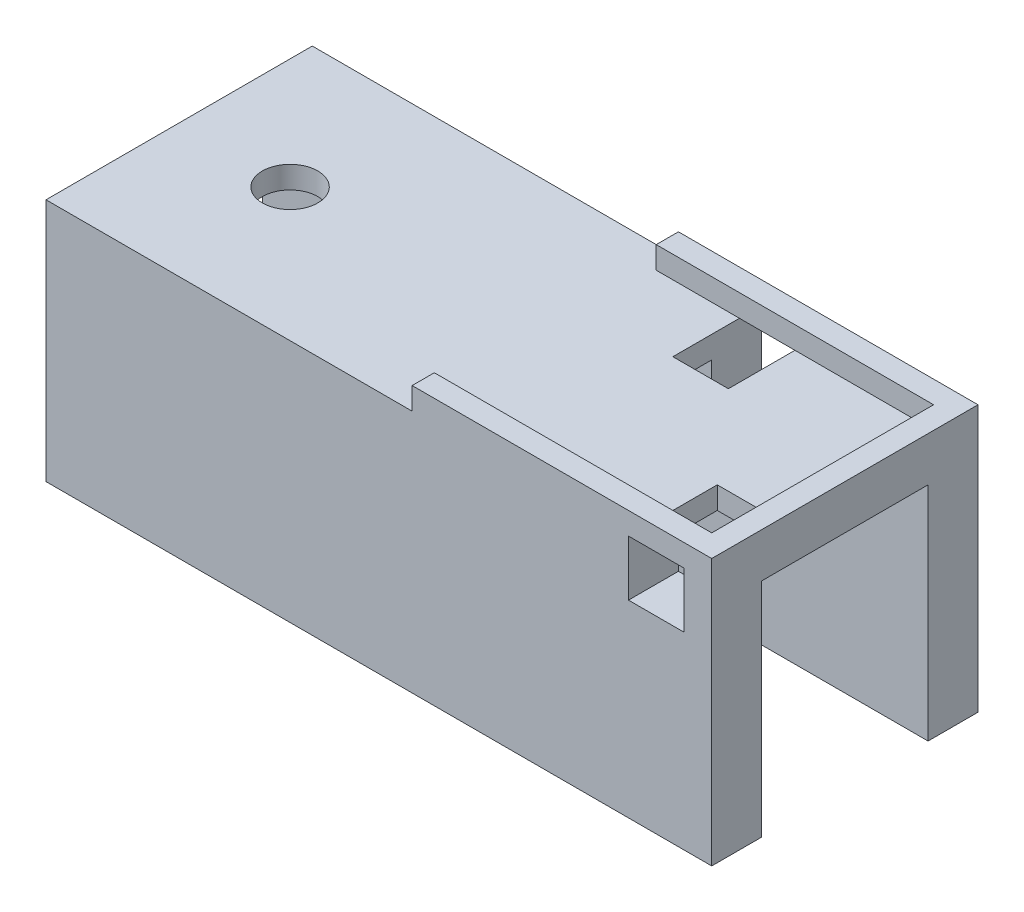
ISO-10303-21;
HEADER;
FILE_DESCRIPTION(('STEP AP214'),'2;1');
FILE_NAME('part.step','',(''),(''),'','','');
FILE_SCHEMA(('AUTOMOTIVE_DESIGN { 1 0 10303 214 1 1 1 1 }'));
ENDSEC;
DATA;
#1=APPLICATION_CONTEXT('core data for automotive mechanical design processes');
#2=APPLICATION_PROTOCOL_DEFINITION('international standard','automotive_design',2000,#1);
#3=PRODUCT_CONTEXT('',#1,'mechanical');
#4=PRODUCT('Part','Part','',(#3));
#5=PRODUCT_RELATED_PRODUCT_CATEGORY('part','',(#4));
#6=PRODUCT_DEFINITION_FORMATION('','',#4);
#7=PRODUCT_DEFINITION_CONTEXT('part definition',#1,'design');
#8=PRODUCT_DEFINITION('design','',#6,#7);
#9=PRODUCT_DEFINITION_SHAPE('','',#8);
#10=(LENGTH_UNIT() NAMED_UNIT(*) SI_UNIT(.MILLI.,.METRE.));
#11=(NAMED_UNIT(*) PLANE_ANGLE_UNIT() SI_UNIT($,.RADIAN.));
#12=(NAMED_UNIT(*) SI_UNIT($,.STERADIAN.) SOLID_ANGLE_UNIT());
#13=UNCERTAINTY_MEASURE_WITH_UNIT(LENGTH_MEASURE(1.E-05),#10,'distance_accuracy_value','');
#14=(GEOMETRIC_REPRESENTATION_CONTEXT(3) GLOBAL_UNCERTAINTY_ASSIGNED_CONTEXT((#13)) GLOBAL_UNIT_ASSIGNED_CONTEXT((#10,
#11,#12)) REPRESENTATION_CONTEXT('',''));
#15=CARTESIAN_POINT('',(0.,0.,0.));
#16=DIRECTION('',(0.,0.,1.));
#17=DIRECTION('',(1.,0.,0.));
#18=AXIS2_PLACEMENT_3D('',#15,#16,#17);
#19=CARTESIAN_POINT('',(0.,0.,0.));
#20=DIRECTION('',(0.,1.,0.));
#21=DIRECTION('',(0.,0.,1.));
#22=AXIS2_PLACEMENT_3D('',#19,#20,#21);
#23=PLANE('',#22);
#24=CARTESIAN_POINT('',(10.,0.,0.));
#25=DIRECTION('',(0.,1.,0.));
#26=DIRECTION('',(0.,0.,1.));
#27=AXIS2_PLACEMENT_3D('',#24,#25,#26);
#28=CIRCLE('',#27,2.5);
#29=CARTESIAN_POINT('',(10.,0.,2.5));
#30=VERTEX_POINT('',#29);
#31=EDGE_CURVE('E398',#30,#30,#28,.T.);
#32=ORIENTED_EDGE('',*,*,#31,.T.);
#33=EDGE_LOOP('',(#32));
#34=FACE_BOUND('',#33,.T.);
#35=DIRECTION('',(0.,0.,-1.));
#36=VECTOR('',#35,1.);
#37=CARTESIAN_POINT('',(40.5,0.,0.));
#38=LINE('',#37,#36);
#39=CARTESIAN_POINT('',(40.5,0.,-4.));
#40=VERTEX_POINT('',#39);
#41=CARTESIAN_POINT('',(40.5,0.,-7.5));
#42=VERTEX_POINT('',#41);
#43=EDGE_CURVE('E265',#40,#42,#38,.T.);
#44=ORIENTED_EDGE('',*,*,#43,.F.);
#45=DIRECTION('',(-1.,0.,0.));
#46=VECTOR('',#45,1.);
#47=CARTESIAN_POINT('',(0.,0.,-4.));
#48=LINE('',#47,#46);
#49=CARTESIAN_POINT('',(45.5,0.,-4.));
#50=VERTEX_POINT('',#49);
#51=EDGE_CURVE('E239',#50,#40,#48,.T.);
#52=ORIENTED_EDGE('',*,*,#51,.F.);
#53=DIRECTION('',(0.,0.,-1.));
#54=VECTOR('',#53,1.);
#55=CARTESIAN_POINT('',(45.5,0.,0.));
#56=LINE('',#55,#54);
#57=CARTESIAN_POINT('',(45.5,0.,-7.5));
#58=VERTEX_POINT('',#57);
#59=EDGE_CURVE('E259',#50,#58,#56,.T.);
#60=ORIENTED_EDGE('',*,*,#59,.T.);
#61=DIRECTION('',(1.,0.,0.));
#62=VECTOR('',#61,1.);
#63=CARTESIAN_POINT('',(0.,0.,-7.5));
#64=LINE('',#63,#62);
#65=CARTESIAN_POINT('',(60.,0.,-7.5));
#66=VERTEX_POINT('',#65);
#67=EDGE_CURVE('E306',#58,#66,#64,.T.);
#68=ORIENTED_EDGE('',*,*,#67,.T.);
#69=DIRECTION('',(0.,0.,-1.));
#70=VECTOR('',#69,1.);
#71=CARTESIAN_POINT('',(60.,0.,-12.));
#72=LINE('',#71,#70);
#73=CARTESIAN_POINT('',(60.,0.,7.5));
#74=VERTEX_POINT('',#73);
#75=EDGE_CURVE('E409',#74,#66,#72,.T.);
#76=ORIENTED_EDGE('',*,*,#75,.F.);
#77=DIRECTION('',(1.,0.,0.));
#78=VECTOR('',#77,1.);
#79=CARTESIAN_POINT('',(0.,0.,7.5));
#80=LINE('',#79,#78);
#81=CARTESIAN_POINT('',(57.5,0.,7.5));
#82=VERTEX_POINT('',#81);
#83=EDGE_CURVE('E326',#82,#74,#80,.T.);
#84=ORIENTED_EDGE('',*,*,#83,.F.);
#85=DIRECTION('',(0.,0.,1.));
#86=VECTOR('',#85,1.);
#87=CARTESIAN_POINT('',(57.5,0.,0.));
#88=LINE('',#87,#86);
#89=CARTESIAN_POINT('',(57.5,0.,4.));
#90=VERTEX_POINT('',#89);
#91=EDGE_CURVE('E302',#90,#82,#88,.T.);
#92=ORIENTED_EDGE('',*,*,#91,.F.);
#93=DIRECTION('',(1.,0.,0.));
#94=VECTOR('',#93,1.);
#95=CARTESIAN_POINT('',(0.,0.,4.));
#96=LINE('',#95,#94);
#97=CARTESIAN_POINT('',(52.5,0.,4.));
#98=VERTEX_POINT('',#97);
#99=EDGE_CURVE('E304',#98,#90,#96,.T.);
#100=ORIENTED_EDGE('',*,*,#99,.F.);
#101=DIRECTION('',(0.,0.,1.));
#102=VECTOR('',#101,1.);
#103=CARTESIAN_POINT('',(52.5,0.,0.));
#104=LINE('',#103,#102);
#105=CARTESIAN_POINT('',(52.5,0.,7.5));
#106=VERTEX_POINT('',#105);
#107=EDGE_CURVE('E292',#98,#106,#104,.T.);
#108=ORIENTED_EDGE('',*,*,#107,.T.);
#109=CARTESIAN_POINT('',(0.,0.,7.5));
#110=VERTEX_POINT('',#109);
#111=EDGE_CURVE('E331',#110,#106,#80,.T.);
#112=ORIENTED_EDGE('',*,*,#111,.F.);
#113=DIRECTION('',(0.,0.,1.));
#114=VECTOR('',#113,1.);
#115=CARTESIAN_POINT('',(0.,0.,-12.));
#116=LINE('',#115,#114);
#117=CARTESIAN_POINT('',(0.,0.,-7.5));
#118=VERTEX_POINT('',#117);
#119=EDGE_CURVE('E402',#118,#110,#116,.T.);
#120=ORIENTED_EDGE('',*,*,#119,.F.);
#121=EDGE_CURVE('E311',#118,#42,#64,.T.);
#122=ORIENTED_EDGE('',*,*,#121,.T.);
#123=EDGE_LOOP('',(#44,#52,#60,#68,#76,#84,#92,#100,#108,#112,#120,#122));
#124=FACE_BOUND('',#123,.T.);
#125=ADVANCED_FACE('F37',(#34,#124),#23,.F.);
#126=CARTESIAN_POINT('',(0.,2.,0.));
#127=DIRECTION('',(0.,1.,0.));
#128=DIRECTION('',(0.,0.,1.));
#129=AXIS2_PLACEMENT_3D('',#126,#127,#128);
#130=PLANE('',#129);
#131=CARTESIAN_POINT('',(10.,2.,0.));
#132=DIRECTION('',(0.,1.,0.));
#133=DIRECTION('',(0.,0.,1.));
#134=AXIS2_PLACEMENT_3D('',#131,#132,#133);
#135=CIRCLE('',#134,2.5);
#136=CARTESIAN_POINT('',(10.,2.,2.5));
#137=VERTEX_POINT('',#136);
#138=EDGE_CURVE('E399',#137,#137,#135,.T.);
#139=ORIENTED_EDGE('',*,*,#138,.F.);
#140=EDGE_LOOP('',(#139));
#141=FACE_BOUND('',#140,.T.);
#142=DIRECTION('',(-1.,0.,0.));
#143=VECTOR('',#142,1.);
#144=CARTESIAN_POINT('',(0.,1.99999999999999,-4.));
#145=LINE('',#144,#143);
#146=CARTESIAN_POINT('',(45.5,1.99999999999999,-4.));
#147=VERTEX_POINT('',#146);
#148=CARTESIAN_POINT('',(40.5,1.99999999999999,-4.));
#149=VERTEX_POINT('',#148);
#150=EDGE_CURVE('E237',#147,#149,#145,.T.);
#151=ORIENTED_EDGE('',*,*,#150,.T.);
#152=DIRECTION('',(0.,0.,-1.));
#153=VECTOR('',#152,1.);
#154=CARTESIAN_POINT('',(40.5,1.99999999999999,-4.));
#155=LINE('',#154,#153);
#156=CARTESIAN_POINT('',(40.5,1.99999999999999,-10.));
#157=VERTEX_POINT('',#156);
#158=EDGE_CURVE('E223',#149,#157,#155,.T.);
#159=ORIENTED_EDGE('',*,*,#158,.T.);
#160=DIRECTION('',(-1.,0.,0.));
#161=VECTOR('',#160,1.);
#162=CARTESIAN_POINT('',(0.,2.,-10.));
#163=LINE('',#162,#161);
#164=CARTESIAN_POINT('',(33.,2.,-10.));
#165=VERTEX_POINT('',#164);
#166=EDGE_CURVE('E347',#157,#165,#163,.T.);
#167=ORIENTED_EDGE('',*,*,#166,.T.);
#168=DIRECTION('',(0.,0.,1.));
#169=VECTOR('',#168,1.);
#170=CARTESIAN_POINT('',(33.,2.,0.));
#171=LINE('',#170,#169);
#172=CARTESIAN_POINT('',(33.,2.,-12.));
#173=VERTEX_POINT('',#172);
#174=EDGE_CURVE('E352',#173,#165,#171,.T.);
#175=ORIENTED_EDGE('',*,*,#174,.F.);
#176=DIRECTION('',(-1.,0.,0.));
#177=VECTOR('',#176,1.);
#178=CARTESIAN_POINT('',(0.,2.,-12.));
#179=LINE('',#178,#177);
#180=CARTESIAN_POINT('',(0.,2.,-12.));
#181=VERTEX_POINT('',#180);
#182=EDGE_CURVE('E412',#173,#181,#179,.T.);
#183=ORIENTED_EDGE('',*,*,#182,.T.);
#184=DIRECTION('',(0.,0.,1.));
#185=VECTOR('',#184,1.);
#186=CARTESIAN_POINT('',(0.,2.,-12.));
#187=LINE('',#186,#185);
#188=CARTESIAN_POINT('',(0.,2.,12.));
#189=VERTEX_POINT('',#188);
#190=EDGE_CURVE('E405',#181,#189,#187,.T.);
#191=ORIENTED_EDGE('',*,*,#190,.T.);
#192=DIRECTION('',(1.,0.,0.));
#193=VECTOR('',#192,1.);
#194=CARTESIAN_POINT('',(0.,2.,12.));
#195=LINE('',#194,#193);
#196=CARTESIAN_POINT('',(33.,2.,12.));
#197=VERTEX_POINT('',#196);
#198=EDGE_CURVE('E408',#189,#197,#195,.T.);
#199=ORIENTED_EDGE('',*,*,#198,.T.);
#200=CARTESIAN_POINT('',(33.,2.,10.));
#201=VERTEX_POINT('',#200);
#202=EDGE_CURVE('E379',#201,#197,#171,.T.);
#203=ORIENTED_EDGE('',*,*,#202,.F.);
#204=DIRECTION('',(1.,0.,0.));
#205=VECTOR('',#204,1.);
#206=CARTESIAN_POINT('',(0.,2.,10.));
#207=LINE('',#206,#205);
#208=CARTESIAN_POINT('',(52.5,2.,10.));
#209=VERTEX_POINT('',#208);
#210=EDGE_CURVE('E376',#201,#209,#207,.T.);
#211=ORIENTED_EDGE('',*,*,#210,.T.);
#212=DIRECTION('',(0.,0.,1.));
#213=VECTOR('',#212,1.);
#214=CARTESIAN_POINT('',(52.5,2.,4.));
#215=LINE('',#214,#213);
#216=CARTESIAN_POINT('',(52.5,2.,4.));
#217=VERTEX_POINT('',#216);
#218=EDGE_CURVE('E298',#217,#209,#215,.T.);
#219=ORIENTED_EDGE('',*,*,#218,.F.);
#220=DIRECTION('',(-1.,0.,0.));
#221=VECTOR('',#220,1.);
#222=CARTESIAN_POINT('',(0.,1.99999999999995,4.));
#223=LINE('',#222,#221);
#224=CARTESIAN_POINT('',(57.5,2.,4.));
#225=VERTEX_POINT('',#224);
#226=EDGE_CURVE('E269',#225,#217,#223,.T.);
#227=ORIENTED_EDGE('',*,*,#226,.F.);
#228=DIRECTION('',(0.,0.,1.));
#229=VECTOR('',#228,1.);
#230=CARTESIAN_POINT('',(57.5,2.,4.));
#231=LINE('',#230,#229);
#232=CARTESIAN_POINT('',(57.5,2.,10.));
#233=VERTEX_POINT('',#232);
#234=EDGE_CURVE('E289',#225,#233,#231,.T.);
#235=ORIENTED_EDGE('',*,*,#234,.T.);
#236=CARTESIAN_POINT('',(58.,2.,10.));
#237=VERTEX_POINT('',#236);
#238=EDGE_CURVE('E375',#233,#237,#207,.T.);
#239=ORIENTED_EDGE('',*,*,#238,.T.);
#240=DIRECTION('',(0.,0.,-1.));
#241=VECTOR('',#240,1.);
#242=CARTESIAN_POINT('',(58.,2.,0.));
#243=LINE('',#242,#241);
#244=CARTESIAN_POINT('',(58.,2.,-10.));
#245=VERTEX_POINT('',#244);
#246=EDGE_CURVE('E371',#237,#245,#243,.T.);
#247=ORIENTED_EDGE('',*,*,#246,.T.);
#248=CARTESIAN_POINT('',(45.5,2.,-10.));
#249=VERTEX_POINT('',#248);
#250=EDGE_CURVE('E369',#245,#249,#163,.T.);
#251=ORIENTED_EDGE('',*,*,#250,.T.);
#252=DIRECTION('',(0.,0.,-1.));
#253=VECTOR('',#252,1.);
#254=CARTESIAN_POINT('',(45.5,1.99999999999999,-4.));
#255=LINE('',#254,#253);
#256=EDGE_CURVE('E60',#147,#249,#255,.T.);
#257=ORIENTED_EDGE('',*,*,#256,.F.);
#258=EDGE_LOOP('',(#151,#159,#167,#175,#183,#191,#199,#203,#211,#219,#227,#235,#239,#247,#251,#257));
#259=FACE_BOUND('',#258,.T.);
#260=ADVANCED_FACE('F242',(#141,#259),#130,.T.);
#261=CARTESIAN_POINT('',(0.,2.,-12.));
#262=DIRECTION('',(0.,0.,1.));
#263=DIRECTION('',(1.,0.,0.));
#264=AXIS2_PLACEMENT_3D('',#261,#262,#263);
#265=PLANE('',#264);
#266=DIRECTION('',(0.,-1.,0.));
#267=VECTOR('',#266,1.);
#268=CARTESIAN_POINT('',(60.,2.,-12.));
#269=LINE('',#268,#267);
#270=CARTESIAN_POINT('',(60.,4.,-12.));
#271=VERTEX_POINT('',#270);
#272=CARTESIAN_POINT('',(60.,-20.,-12.));
#273=VERTEX_POINT('',#272);
#274=EDGE_CURVE('E419',#271,#273,#269,.T.);
#275=ORIENTED_EDGE('',*,*,#274,.T.);
#276=DIRECTION('',(1.,0.,0.));
#277=VECTOR('',#276,1.);
#278=CARTESIAN_POINT('',(0.,-20.,-12.));
#279=LINE('',#278,#277);
#280=CARTESIAN_POINT('',(0.,-20.,-12.));
#281=VERTEX_POINT('',#280);
#282=EDGE_CURVE('E314',#281,#273,#279,.T.);
#283=ORIENTED_EDGE('',*,*,#282,.F.);
#284=DIRECTION('',(0.,-1.,0.));
#285=VECTOR('',#284,1.);
#286=CARTESIAN_POINT('',(0.,2.,-12.));
#287=LINE('',#286,#285);
#288=EDGE_CURVE('E414',#181,#281,#287,.T.);
#289=ORIENTED_EDGE('',*,*,#288,.F.);
#290=ORIENTED_EDGE('',*,*,#182,.F.);
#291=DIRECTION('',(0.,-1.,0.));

------------------------------------------------------------------------

Copy word for word the stretch of entries above from the line that has "#247=ORIENTED_EDGE('',*,*,#246,.T.);" through the line that has "#273=VERTEX_POINT('',#272);", both ends included, and nothing outside it.

- SOLUTION FOR THIS EXERCISE:
#247=ORIENTED_EDGE('',*,*,#246,.T.);
#248=CARTESIAN_POINT('',(45.5,2.,-10.));
#249=VERTEX_POINT('',#248);
#250=EDGE_CURVE('E369',#245,#249,#163,.T.);
#251=ORIENTED_EDGE('',*,*,#250,.T.);
#252=DIRECTION('',(0.,0.,-1.));
#253=VECTOR('',#252,1.);
#254=CARTESIAN_POINT('',(45.5,1.99999999999999,-4.));
#255=LINE('',#254,#253);
#256=EDGE_CURVE('E60',#147,#249,#255,.T.);
#257=ORIENTED_EDGE('',*,*,#256,.F.);
#258=EDGE_LOOP('',(#151,#159,#167,#175,#183,#191,#199,#203,#211,#219,#227,#235,#239,#247,#251,#257));
#259=FACE_BOUND('',#258,.T.);
#260=ADVANCED_FACE('F242',(#141,#259),#130,.T.);
#261=CARTESIAN_POINT('',(0.,2.,-12.));
#262=DIRECTION('',(0.,0.,1.));
#263=DIRECTION('',(1.,0.,0.));
#264=AXIS2_PLACEMENT_3D('',#261,#262,#263);
#265=PLANE('',#264);
#266=DIRECTION('',(0.,-1.,0.));
#267=VECTOR('',#266,1.);
#268=CARTESIAN_POINT('',(60.,2.,-12.));
#269=LINE('',#268,#267);
#270=CARTESIAN_POINT('',(60.,4.,-12.));
#271=VERTEX_POINT('',#270);
#272=CARTESIAN_POINT('',(60.,-20.,-12.));
#273=VERTEX_POINT('',#272);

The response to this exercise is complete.